物体は必ず落ちるということには納得いただけたでしょう。しかし、ここである疑問が浮かんできます。

なぜ月は落ちてこないのか。

この事実は文明が興って以来、常に人類にとっての大きな謎でした。様々な歴史・紆余曲折を経て、人類は一つの解釈に辿りつきました。

「天空は神の住む世界であるため、地上とは違う物理法則によって支配されている。よって、天空にある月は地上にある物体と違い、落ちてこない」

と。とある宗教の影響が強かった当時、このように地上と天空を分けて考えるのが主流となっており、それが長年人々の固定観念を支配してきました。しかし、ここで

「いやいや、地上と天空で物理法則が違うとか普通に考えてありえないっしょw 何よりそれってダサくね?w」

と、当時主流だった学説に対して真っ向から果敢にチャレンジする者が現れました。そう、近代科学の父ことアイザック・ニュートンです。実は当時、地球や木星といった惑星の運動について、すでにかなりのことが分かっていました。特に、以下のケプラーの三法則が当時大きな話題を呼びました。

  • ケプラーの第一法則(楕円軌道の法則)
    惑星の軌道は、太陽を焦点の一つとする楕円軌道を描く。この時、楕円軌道のもう一方の焦点には何もない。

  • ケプラーの第二法則(面積速度一定の法則)
    太陽と惑星を結ぶ直線が単位時間あたりに描く面積(面積速度)は一定である。例えば、惑星が太陽に近い時は速く、太陽から遠いといきは遅く音どうする。

  • ケプラーの第三法則(調和の法則)
    惑星の周期 $T$ の2乗と楕円軌道の長半径 $a$ の3乗の比 $T^2/a^3$ は、太陽系の惑星によらず一定である。

ニュートンは、ケプラーの三法則を元に、

「こんな3つもいらんでしょw 2つの物体が互いにイイ感じに引っ張り合ってるって考えればよくね?w」

と考え、万有引力の法則を着想しました。具体的には、「2つの物体の間に引力が働いており、引力の大きさが2つの物体それぞれの質量の積に比例し、物体間の距離の2乗に反比例する」という法則を新たに導入することで、ケプラーの三法則全てを説明することに成功したのです。

 万有引力の法則によって、月がなぜ落ちてこないかという疑問にも納得のいく答えが示されます。結論をいうと、月も落ちているのです!どういうことでしょうか?月も地球からの万有引力に引かれ、地上に落ちてこようとします。しかし、元々横方向に速度を持っていたため、真下ではなく、横に逸れた軌道で落ちます。地球は丸いので、なんと月が落ちた先に地表がありません!こうして、月は地表に落ちることなく延々と地球の周りを「落ち」続け、結果として地球の周りを回るということです。
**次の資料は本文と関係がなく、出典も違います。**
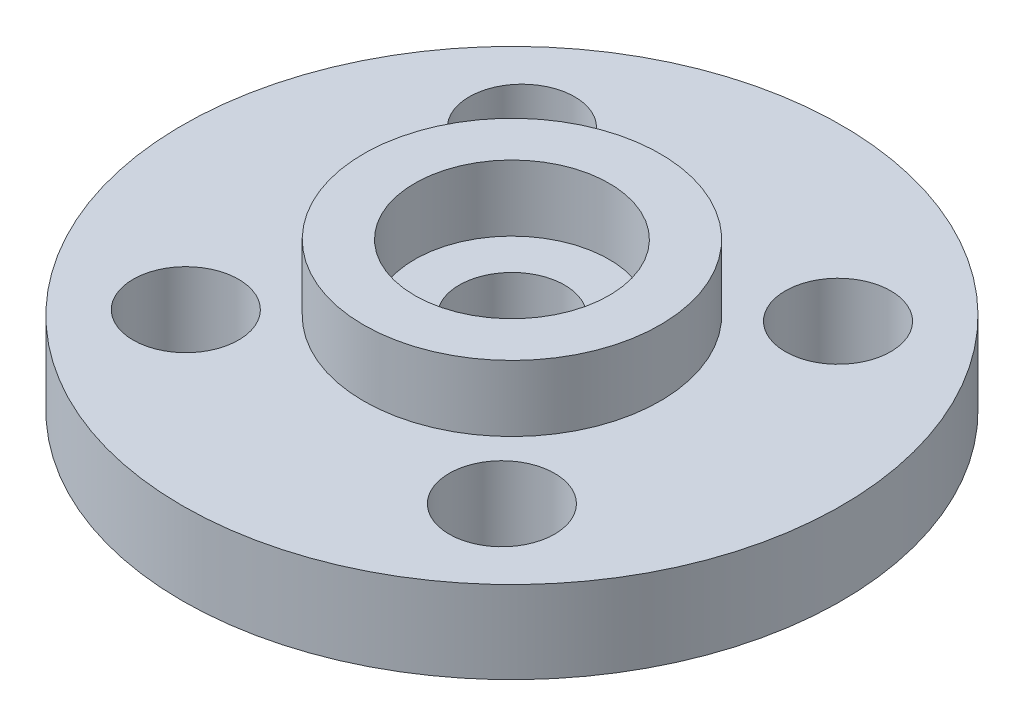
SolidWorks part; units mm, degrees
ref_plane "前视基准面" through (0, 0, 0) normal (0, 0, 1) x (1, 0, 0)
ref_plane "上视基准面" through (0, 0, 0) normal (0, 1, 0) x (1, 0, 0)
ref_plane "右视基准面" through (0, 0, 0) normal (1, 0, 0) x (0, 0, -1)
sketch "草图1" plane through (0, 0, 0) normal (0, 1, 0) x (1, 0, 0)
  circle A0 centre (0, 0) radius 10
  dimension "D1" = 20
extrude "凸台-拉伸1" add sketch "草图1" along normal blind 2.5
sketch "草图3" plane through (0, 2.5, 0) normal (0, 1, 0) x (1, 0, 0)
  circle A0 centre (-4.7952, 5.0996) radius 1.6
  circle A1 centre (-5.0996, -4.7952) radius 1.6
  circle A2 centre (4.7952, -5.0996) radius 1.6
  circle A3 centre (5.0996, 4.7952) radius 1.6
  circle A4 centre (0, 0) radius 1.6
  point P11 (0, 0)
  dimension "D3" = 3.2
  dimension "D4" = 3.2
  dimension "D2" = 14
  dimension "D1" = 4
extrude "切除-拉伸1" cut sketch "草图3" against normal through all
sketch "草图4" plane through (0, 2.5, 0) normal (0, 1, 0) x (1, 0, 0)
  circle A0 centre (0, 0) radius 4.5
  dimension "D1" = 9
extrude "凸台-拉伸2" add sketch "草图4" along normal blind 2
sketch "草图5" plane through (0, 4.5, 0) normal (0, 1, 0) x (1, 0, 0)
  circle A0 centre (0, 0) radius 2.95
  dimension "D1" = 5.9
extrude "切除-拉伸2" cut sketch "草图5" against normal blind 2
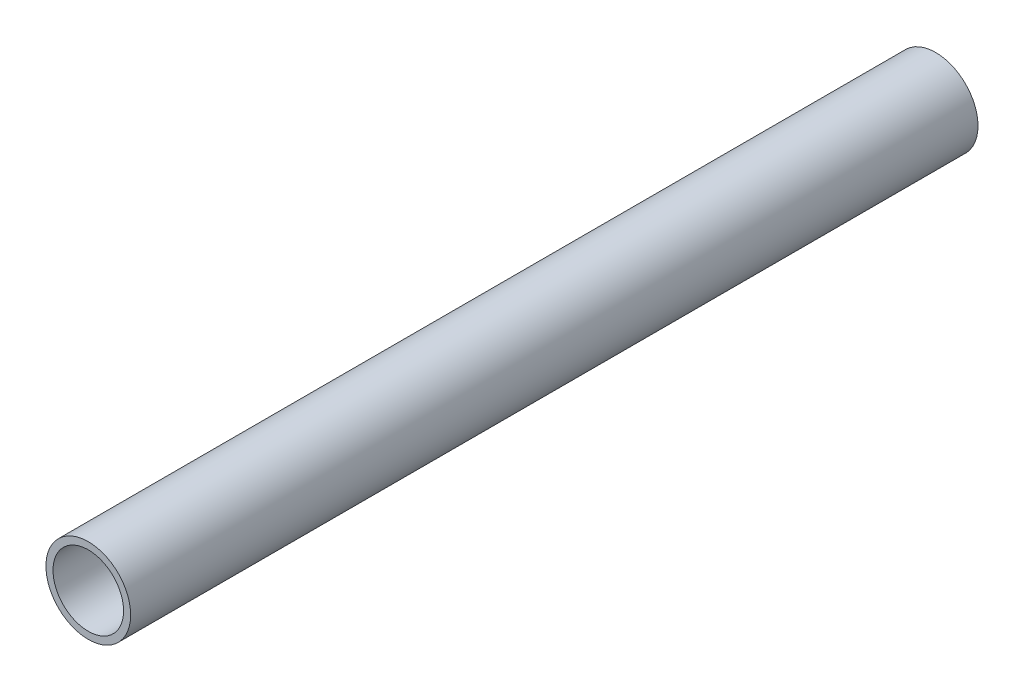
SolidWorks part; units mm, degrees
material "Thornel Mat VMA"
ref_plane "Front Plane" through (0, 0, 0) normal (0, 0, 1) x (1, 0, 0)
ref_plane "Top Plane" through (0, 0, 0) normal (0, 1, 0) x (1, 0, 0)
ref_plane "Right Plane" through (0, 0, 0) normal (1, 0, 0) x (0, 0, -1)
sketch "Sketch1" plane through (0, 0, 0) normal (0, 0, 1) x (1, 0, 0)
  circle A0 centre (0, 0) radius 3
  circle A1 centre (0, 0) radius 2.5
  dimension "D1" = 5
  dimension "D2" = 6
extrude "Boss-Extrude1" add sketch "Sketch1" along normal blind 60

 ニュートンは、その一生の中で、万有引力の法則をはじめ、高度な数学を用いて物体の運動などに関する精密な予測を可能とした「古典力学」を築きあげました。近代科学は、彼の手から始まったのです。

1.2 万有引力に関する数学的準備

 前節では万有引力の法則が生まれた経緯について軽く触れました。本節では、今回の目的である太陽系からグランドエスケープする方法を探る上で必要な数学的な準備をして行きます!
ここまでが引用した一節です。